==== DATASET RECORDS

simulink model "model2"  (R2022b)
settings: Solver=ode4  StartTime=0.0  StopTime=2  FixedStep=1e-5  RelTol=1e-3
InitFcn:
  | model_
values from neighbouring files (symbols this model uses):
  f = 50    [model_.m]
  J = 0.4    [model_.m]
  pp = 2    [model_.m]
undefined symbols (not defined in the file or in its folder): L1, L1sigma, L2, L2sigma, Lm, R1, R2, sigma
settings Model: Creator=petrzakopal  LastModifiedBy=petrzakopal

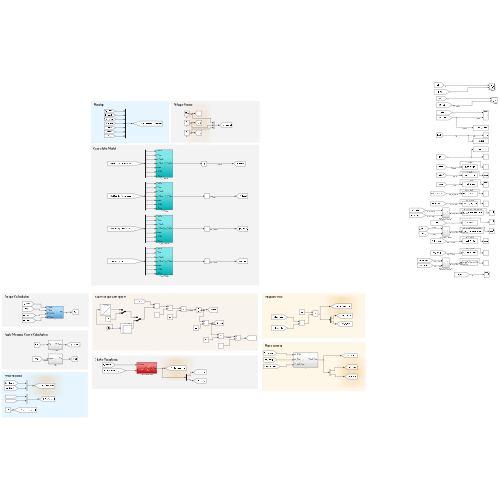
[thumbnail: Simulink's stored preview of the top-level diagram]
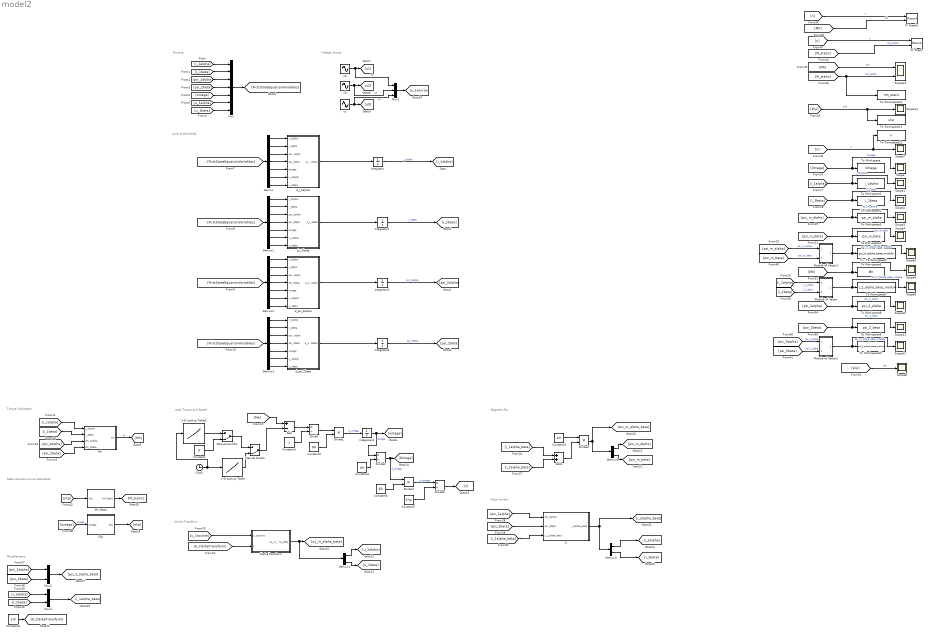
== system model2 ==
  note: Magnetic flux
  note: Rotor current
  note: Load Torque and Speed
  note: Clarke Transform
  note: Static Moment Curve Calculation
  note: Torque Calculation
  note: Core of the Model
  note: Miscellaneous
  note: Routing
  note: Voltage Source
  1-D Lookup Table : Lookup_n-D  NumberOfTableDimensions=1  BreakpointsForDimension1=[0;1.00001;1.001;10]  Table=[0;0;25;25]  InternalRulePriority=Speed  RndMeth=Simplest
  1-D Lookup Table2 : Lookup_n-D  NumberOfTableDimensions=1  BreakpointsForDimension1=[1;2;10]  Table=[0;0;78.48]  InternalRulePriority=Speed  RndMeth=Simplest
  Add : Sum  Inputs=+-
  Add1 : Sum
  ClarkeTransform : Subsystem
  Clock : Clock
  Constant : Constant  Value=0
  Constant1 : Constant  Value=J
  Constant2 : Constant  Value=pp
  Constant3 : Constant  Value=2/3
  Constant4 : Constant  Value=pp
  Constant5 : Constant  Value=Lm
  Constant6 : Constant  Value=60
  Constant7 : Constant  Value=2*pi
  Demux{,1..3} (4 alike) : Demux  Outputs=7
  Demux4 : Demux  Outputs=2
  Demux5 : Demux  Outputs=2
  Demux6 : Demux  Outputs=2
  Divide : Product  Inputs=*/
  Divide1 : Product  Inputs=**
  Divide2 : Product  Inputs=*/
  Divide3 : Product  Inputs=**
  Divide4 : Product  Inputs=**
  Divide5 : Product  Inputs=*/
  Integrator{,1..4} (5 alike) : Integrator
  Manual Switch : ManualSwitch  CurrentSetting=0
  Manual Switch1 : ManualSwitch  CurrentSetting=0
  Mh : Subsystem
  Mh Static : Subsystem
  Module of Vector : Subsystem
  Module of Vector1 : Subsystem
  Module of Vector2 : Subsystem
  Mux : Mux  Inputs=7
  Mux1 : Mux  Inputs=3
  Mux2 : Mux  Inputs=2
  Mux4 : Mux  Inputs=2
  Scope{,1..12,14} (14 alike) : Scope
  Scope13 : Scope  NumInputPorts=2
  Slip : Subsystem
  To Workspace : ToWorkspace  VariableName=Omega  SaveFormat=Timeseries  SampleTime=-1
  To Workspace1 : ToWorkspace  VariableName=i_1alpha  SaveFormat=Timeseries  SampleTime=-1
  To Workspace10 : ToWorkspace  VariableName=psi_2_alpha_beta_module  SaveFormat=Timeseries  SampleTime=-1
  To Workspace11 : ToWorkspace  VariableName=slip  SaveFormat=Timeseries  SampleTime=-1
  To Workspace12 : ToWorkspace  VariableName=mh_static  SaveFormat=Timeseries  SampleTime=-1
  To Workspace13 : ToWorkspace  VariableName=n  SaveFormat=Timeseries  SampleTime=-1
  To Workspace2 : ToWorkspace  VariableName=i_1beta  SaveFormat=Timeseries  SampleTime=-1
  To Workspace3 : ToWorkspace  VariableName=psi_m_alpha  SaveFormat=Timeseries  SampleTime=-1
  To Workspace4 : ToWorkspace  VariableName=psi_m_beta  SaveFormat=Timeseries  SampleTime=-1
  To Workspace5 : ToWorkspace  VariableName=psi_m_alpha_beta_module  SaveFormat=Timeseries  SampleTime=-1
  To Workspace6 : ToWorkspace  VariableName=Mh  SaveFormat=Timeseries  SampleTime=-1
  To Workspace7 : ToWorkspace  VariableName=i_1_alpha_beta_module  SaveFormat=Timeseries  SampleTime=-1
  To Workspace8 : ToWorkspace  VariableName=psi_2_alpha  SaveFormat=Timeseries  SampleTime=-1
  To Workspace9 : ToWorkspace  VariableName=psi_2_beta  SaveFormat=Timeseries  SampleTime=-1
  XY Graph : Record  FileSettingsInternal="{\"entries\":[{\"content\":{\"excelSettings\":{\"content\":{},\"type\":\"Streamout.ExcelSettings\"}},\"type\":\"Streamout.FileSettingStorage\",\"uuid\":\"842da89f-1fef-4ffd-8a1c-7bfb6317d6bb\"}],\"packageUris\":[\"http://schema.mathworks.com/mf0/streamout_blocks/R2020a\"],\"version\":\"1.0\"}"  Layout=[1 1]  SignalsInternal="{\"entries\":[{\"content\":{\"signals\":[{\"content\":{\"blockPath\":[\"model/XY Graph\"],\"channel\":[],\"dimensions\":[1],\"domain\":\"model/XY Graph\",\"lineColor\":\"#a2142f\",\"plots\":[1],\"port\":1,\"sid\":[],\"signalID\":16,\"signalName\":\"n\"},\"type\":\"RecordBlkView.Signal\",\"uuid\":\"3fa61c07-4d6e-48c9-97ec-bc673b73ea1e\"},{\"content\":{\"blockPath\":[\"model/XY Graph\"],\"channel\":[],\"dimensions\":[1],\"domain\":\"model/XY Graph\",\"lineColor\":\"#139fff\",\"plots\":[1],\"port\":2,\"sid\":[],\"signalID\":19,\"signalName\":\"Mh_static\"},\"type\":\"RecordBlkView.Signal\",\"uuid\":\"76ceb205-9b97-4673-bf6a-aa09134c6add\"}]},\"type\":\"RecordBlkView.InputSignals\",\"uuid\":\"48bfde53-39e3-4f40-beb6-cae9881eed94\"}],\"packageUris\":[\"http://schema.mathworks.com/mf0/streamout_blocks/R2020a\"],\"version\":\"1.0\"}"  VisualizationBindings="{\"xyplotplugin\":{\"info\":[{\"series\":[{\"bindingParametersList\":[{\"parameter\":\"X-Axis\",\"signalID\":16,\"signalName\":\"n\"},{\"parameter\":\"Y-Axis\",\"signalID\":19,\"signalName\":\"Mh_static\"}],\"seriesID\":25766}],\"subplotID\":1}]}}"  CompatibilityTag=XY
  XY Graph1 : Record  FileSettingsInternal="{\"entries\":[{\"content\":{\"excelSettings\":{\"content\":{},\"type\":\"Streamout.ExcelSettings\"}},\"type\":\"Streamout.FileSettingStorage\",\"uuid\":\"3db78ad4-fa90-443a-83a0-8f6baf93e8d6\"}],\"packageUris\":[\"http://schema.mathworks.com/mf0/streamout_blocks/R2020a\"],\"version\":\"1.0\"}"  Layout=[1 1]  SignalsInternal="{\"entries\":[{\"content\":{\"signals\":[{\"content\":{\"blockPath\":[\"model/XY Graph1\"],\"channel\":[],\"dimensions\":[1],\"domain\":\"model/XY Graph1\",\"lineColor\":\"#a2142f\",\"plots\":[1],\"port\":1,\"sid\":[],\"signalID\":8,\"signalName\":\"n\"},\"type\":\"RecordBlkView.Signal\",\"uuid\":\"17a0656e-17fb-4ce6-b629-ef989c268bcd\"},{\"content\":{\"blockPath\":[\"model/XY Graph1\"],\"channel\":[],\"dimensions\":[1],\"domain\":\"model/XY Graph1\",\"lineColor\":\"#139fff\",\"plots\":[1],\"port\":2,\"sid\":[],\"signalID\":11,\"signalName\":\"Mh\"},\"type\":\"RecordBlkView.Signal\",\"uuid\":\"9c618c76-db92-435b-920c-d0a40ae68f9d\"}]},\"type\":\"RecordBlkView.InputSignals\",\"uuid\":\"1549b7a0-6dc2-4283-9f7f-ab35875ee6b4\"}],\"packageUris\":[\"http://schema.mathworks.com/mf0/streamout_blocks/R2020a\"],\"version\":\"1.0\"}"  VisualizationBindings="{\"xyplotplugin\":{\"info\":[{\"series\":[{\"bindingParametersList\":[{\"parameter\":\"X-Axis\",\"signalID\":8,\"signalName\":\"n\"},{\"parameter\":\"Y-Axis\",\"signalID\":11,\"signalName\":\"Mh\"}],\"seriesID\":12463}],\"subplotID\":1}]}}"  CompatibilityTag=XY
  d_i_1alpha : Subsystem
  d_i_1beta : Subsystem
  d_psi_2alpha : Subsystem
  d_psi_2beta : Subsystem
  i2 : Subsystem
  ua : Sin  Amplitude=sqrt(2)*230  Frequency=2*pi*50  SampleTime=0
  ub : Sin  Amplitude=sqrt(2)*230  Frequency=2*pi*50  Phase=(2/3)*pi  SampleTime=0
  uc : Sin  Amplitude=sqrt(2)*230  Frequency=2*pi*50  Phase=-(2/3)*pi  SampleTime=0
  wires:
  Integrator/1 -> [i_1alpha]  "i_1alpha"
  Integrator1/1 -> [i_1beta]  "i_1beta"
  Integrator2/1 -> [psi_2alpha]  "psi_2alpha"
  Integrator3/1 -> [psi_2beta]  "psi_2beta"
  d_i_1alpha/1(d_i_1alpha) -> Integrator/1
  d_i_1beta/1(d_i_1beta) -> Integrator1/1
  [i_1alpha] -> Mux/1
  [i_1beta] -> Mux/2
  [psi_2alpha] -> Mux/3
  [psi_2beta] -> Mux/4
  [omega] -> Mux/5
  [u_1alpha] -> Mux/6
  [u_1beta] -> Mux/7
  Demux/1 -> d_i_1alpha/1(i_1alpha)
  Demux/2 -> d_i_1alpha/2(i_1beta)
  Demux/3 -> d_i_1alpha/3(psi_2alpha)
  Demux/4 -> d_i_1alpha/4(psi_2beta)
  Demux/5 -> d_i_1alpha/5(omega)
  Demux/6 -> d_i_1alpha/6(u_1alpha)
  Mux/1 -> [FirstStateEquationVariables]
  [FirstStateEquationVariables] -> Demux/1
  [FirstStateEquationVariables] -> Demux1/1
  Demux1/6 -> d_i_1beta/6(u_1alpha)
  Demux1/5 -> d_i_1beta/5(omega)
  Demux1/4 -> d_i_1beta/4(psi_2beta)
  Demux1/3 -> d_i_1beta/3(psi_2alpha)
  Demux1/2 -> d_i_1beta/2(i_1beta)
  Demux1/1 -> d_i_1beta/1(i_1alpha)
  Demux/7 -> d_i_1alpha/7(u_1beta)
  Demux1/7 -> d_i_1beta/7(u_1beta)
  Demux2/7 -> d_psi_2alpha/7(u_1beta)
  Demux2/1 -> d_psi_2alpha/1(i_1alpha)
  Demux2/2 -> d_psi_2alpha/2(i_1beta)
  Demux2/3 -> d_psi_2alpha/3(psi_2alpha)
  Demux2/4 -> d_psi_2alpha/4(psi_2beta)
  Demux2/5 -> d_psi_2alpha/5(omega)
  Demux2/6 -> d_psi_2alpha/6(u_1alpha)
  [FirstStateEquationVariables] -> Demux2/1
  d_psi_2alpha/1(d_psi_2alpha) -> Integrator2/1
  [FirstStateEquationVariables] -> Demux3/1
  Demux3/6 -> d_psi_2beta/6(u_1alpha)
  Demux3/5 -> d_psi_2beta/5(omega)
  Demux3/4 -> d_psi_2beta/4(psi_2beta)
  Demux3/3 -> d_psi_2beta/3(psi_2alpha)
  Demux3/7 -> d_psi_2beta/7(u_1beta)
  d_psi_2beta/1(d_psi_2beta) -> Integrator3/1
  Demux3/1 -> d_psi_2beta/1(i_1alpha)
  Demux3/2 -> d_psi_2beta/2(i_1beta)
  [i_1alpha] -> Mh/1(i_1alpha)
  [i_1beta] -> Mh/2(i_1beta)
  [psi_2alpha] -> Mh/3(phi_2alpha)
  [psi_2beta] -> Mh/4(phi_2beta)
  Mh/1(Mh) -> [Mh]  "M"
  [Mh] -> Add/1
  Clock/1 -> 1-D Lookup Table2/1, 1-D Lookup Table/1
  1-D Lookup Table/1 -> Manual Switch/2
  Manual Switch/1 -> Add/2
  Add/1 -> Divide/1
  Constant1/1 -> Divide/2
  Divide/1 -> Divide1/1
  Constant2/1 -> Divide1/2
  Divide1/1 -> Integrator4/1  "d_omega"
  Integrator4/1 -> Divide2/1, [omega]  "omega"
  ua/1 -> Mux1/1, [u1]  "ua"
  ub/1 -> Mux1/2, [u2]  "ub"
  uc/1 -> Mux1/3, [u3]  "uc"
  Mux1/1 -> [u_1source]
  Constant3/1 -> [K_ClarkeTransform]
  ClarkeTransform/1(u1_in_alpha_beta) -> Demux4/1, [u1_in_alpha_beta]
  [u_1source] -> ClarkeTransform/1(u_1source)
  [K_ClarkeTransform] -> ClarkeTransform/2(K)
  Demux4/1 -> [u_1alpha]
  Demux4/2 -> [u_1beta]
  Constant4/1 -> Divide2/2
  Divide2/1 -> Divide4/1, [Omega]  "d_omega"
  [Omega] -> Scope/1, To Workspace/1  "Omega"
  [i_1alpha] -> Scope1/1, To Workspace1/1  "I_1_alpha"
  [i_1beta] -> Scope2/1, To Workspace2/1  "i_1_beta"
  Constant5/1 -> Divide3/1
  Add1/1 -> Divide3/2
  [i_1alpha] -> Mux4/1
  [i_1beta] -> Mux4/2
  Mux4/1 -> [i_1alpha_beta]
  [i_1alpha_beta] -> Add1/1
  [i_2alpha_beta] -> Add1/2
  Divide3/1 -> Demux6/1, [psi_m_alpha_beta]
  Demux6/1 -> [psi_m_alpha]
  Demux6/2 -> [psi_m_beta]
  [psi_2alpha] -> i2/1(psi_2alpha)
  [psi_2beta] -> i2/2(psi_2beta)
  [i_1alpha_beta] -> i2/3(i_1_alpha_beta)
  i2/1(i_2alpha_beta) -> Demux5/1, [i_2alpha_beta]
  Demux5/1 -> [i_2alpha]
  Demux5/2 -> [i_2beta]
  [psi_m_alpha] -> Scope3/1, To Workspace3/1  "psi_m_alpha"
  [psi_m_beta] -> Scope4/1, To Workspace4/1  "psi_m_beta"
  Module of Vector1/1(Out1) -> Scope5/1, To Workspace5/1  "psi_m_alpha_beta_module"
  [Mh] -> Scope6/1, To Workspace6/1  "Mh"
  Constant6/1 -> Divide4/2
  Divide4/1 -> Divide5/1  "d_omega"
  Constant7/1 -> Divide5/2
  Divide5/1 -> [n]
  [n] -> To Workspace13/1, Scope7/1  "n"
  [psi_2alpha] -> Scope10/1, To Workspace8/1  "psi_2_alpha"
  [psi_2beta] -> To Workspace9/1, Scope11/1  "psi_2_beta"
  [psi_2alpha] -> Mux2/1
  [psi_2beta] -> Mux2/2
  Mux2/1 -> [psi_2_alpha_beta]
  [i_1alpha] -> Module of Vector/1(In1)  "I_1_alpha"
  [i_1beta] -> Module of Vector/2(In2)  "i_1_beta"
  [psi_m_alpha] -> Module of Vector1/1(In1)  "psi_m_alpha"
  [psi_m_beta] -> Module of Vector1/2(In2)  "psi_m_beta"
  Module of Vector/1(Out1) -> Scope9/1, To Workspace7/1  "psi_m_alpha_beta_module"
  Module of Vector2/1(Out1) -> Scope12/1, To Workspace10/1  "psi_m_alpha_beta_module"
  [psi_2alpha] -> Module of Vector2/1(In1)  "psi_2_alpha"
  [psi_2beta] -> Module of Vector2/2(In2)  "psi_2_beta"
  [slip] -> Mh Static/1(Slip)
  [Mh] -> Scope13/1  "Mh"
  [M_static] -> Scope13/2, To Workspace12/1  "Mh_static"
  Slip/1(Slip) -> [slip]
  Mh Static/1(Mh Static) -> [M_static]
  [slip] -> Scope14/1, To Workspace11/1  "slip"
  [M_static] -> XY Graph/2  "Mh_static"
  [n] -> XY Graph/1  "n"
  [omega] -> Slip/1(omega)  "omega"
  [n] -> XY Graph1/1  "n"
  [Mh] -> XY Graph1/2  "Mh"
  [slip] -> Scope8/1  "slip"
  1-D Lookup Table2/1 -> Manual Switch1/1
  Constant/1 -> Manual Switch1/2
  Manual Switch1/1 -> Manual Switch/1

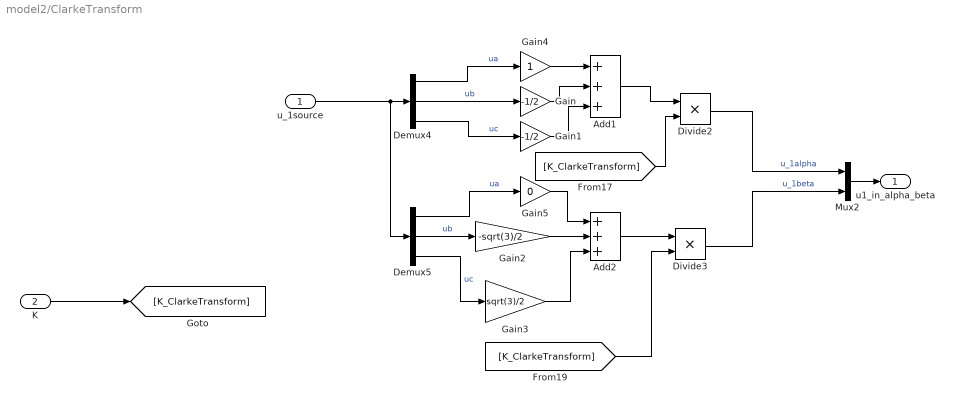
== system model2/ClarkeTransform ==
  u_1source : Inport
  K : Inport  Port=2
  Add1 : Sum  Inputs=+++
  Add2 : Sum  Inputs=+++
  Demux4 : Demux  Outputs=3
  Demux5 : Demux  Outputs=3
  Divide2 : Product  Inputs=**
  Divide3 : Product  Inputs=**
  Gain : Gain  Gain=-1/2
  Gain1 : Gain  Gain=-1/2
  Gain2 : Gain  Gain=-sqrt(3)/2
  Gain3 : Gain  Gain=sqrt(3)/2
  Gain4 : Gain
  Gain5 : Gain  Gain=0
  Mux2 : Mux  Inputs=2
  u1_in_alpha_beta : Outport
  wires:
  Demux4/1 -> Gain4/1  "ua"
  Divide2/1 -> Mux2/1  "u_1alpha"
  [K_ClarkeTransform] -> Divide2/2
  Add1/1 -> Divide2/1
  Demux4/2 -> Gain/1  "ub"
  Divide3/1 -> Mux2/2  "u_1beta"
  Gain5/1 -> Add2/1
  Gain/1 -> Add1/2
  Demux5/1 -> Gain5/1  "ua"
  Gain3/1 -> Add2/3
  [K_ClarkeTransform] -> Divide3/2
  Gain2/1 -> Add2/2
  Gain1/1 -> Add1/3
  Demux5/2 -> Gain2/1  "ub"
  Demux5/3 -> Gain3/1  "uc"
  Add2/1 -> Divide3/1
  Gain4/1 -> Add1/1
  u_1source/1 -> Demux5/1, Demux4/1
  K/1 -> [K_ClarkeTransform]
  Mux2/1 -> u1_in_alpha_beta/1
  Demux4/3 -> Gain1/1  "uc"

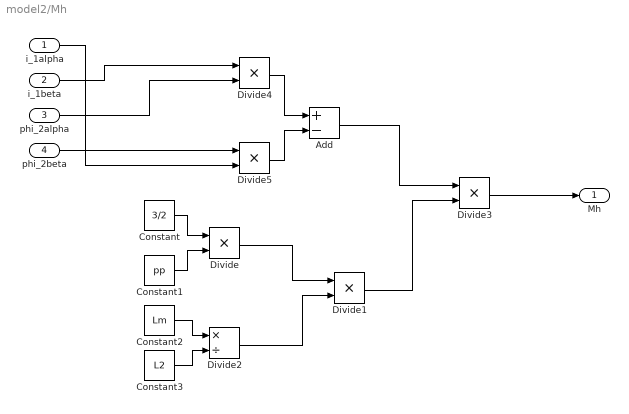
== system model2/Mh ==
  i_1alpha : Inport
  i_1beta : Inport  Port=2
  phi_2alpha : Inport  Port=3
  phi_2beta : Inport  Port=4
  Add : Sum  Inputs=+-
  Constant : Constant  Value=3/2
  Constant1 : Constant  Value=pp
  Constant2 : Constant  Value=Lm
  Constant3 : Constant  Value=L2
  Divide{,1,3..5} (5 alike) : Product  Inputs=**
  Divide2 : Product  Inputs=*/
  Mh : Outport
  wires:
  Constant/1 -> Divide/1
  Constant1/1 -> Divide/2
  Divide/1 -> Divide1/1
  Constant2/1 -> Divide2/1
  Constant3/1 -> Divide2/2
  Divide2/1 -> Divide1/2
  Divide1/1 -> Divide3/2
  phi_2alpha/1 -> Divide4/2
  i_1beta/1 -> Divide4/1
  Divide4/1 -> Add/1
  phi_2beta/1 -> Divide5/1
  i_1alpha/1 -> Divide5/2
  Divide5/1 -> Add/2
  Add/1 -> Divide3/1
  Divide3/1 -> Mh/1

========

WORK TO BE COMPLETED: Using the entries above, return exactly the lines from the line with "Integrator2/1 -> [psi_2alpha]" to the line with "[psi_2alpha] -> Mux/3", counting both of those lines.

THE COMPLETED TASK:
  Integrator2/1 -> [psi_2alpha]  "psi_2alpha"
  Integrator3/1 -> [psi_2beta]  "psi_2beta"
  d_i_1alpha/1(d_i_1alpha) -> Integrator/1
  d_i_1beta/1(d_i_1beta) -> Integrator1/1
  [i_1alpha] -> Mux/1
  [i_1beta] -> Mux/2
  [psi_2alpha] -> Mux/3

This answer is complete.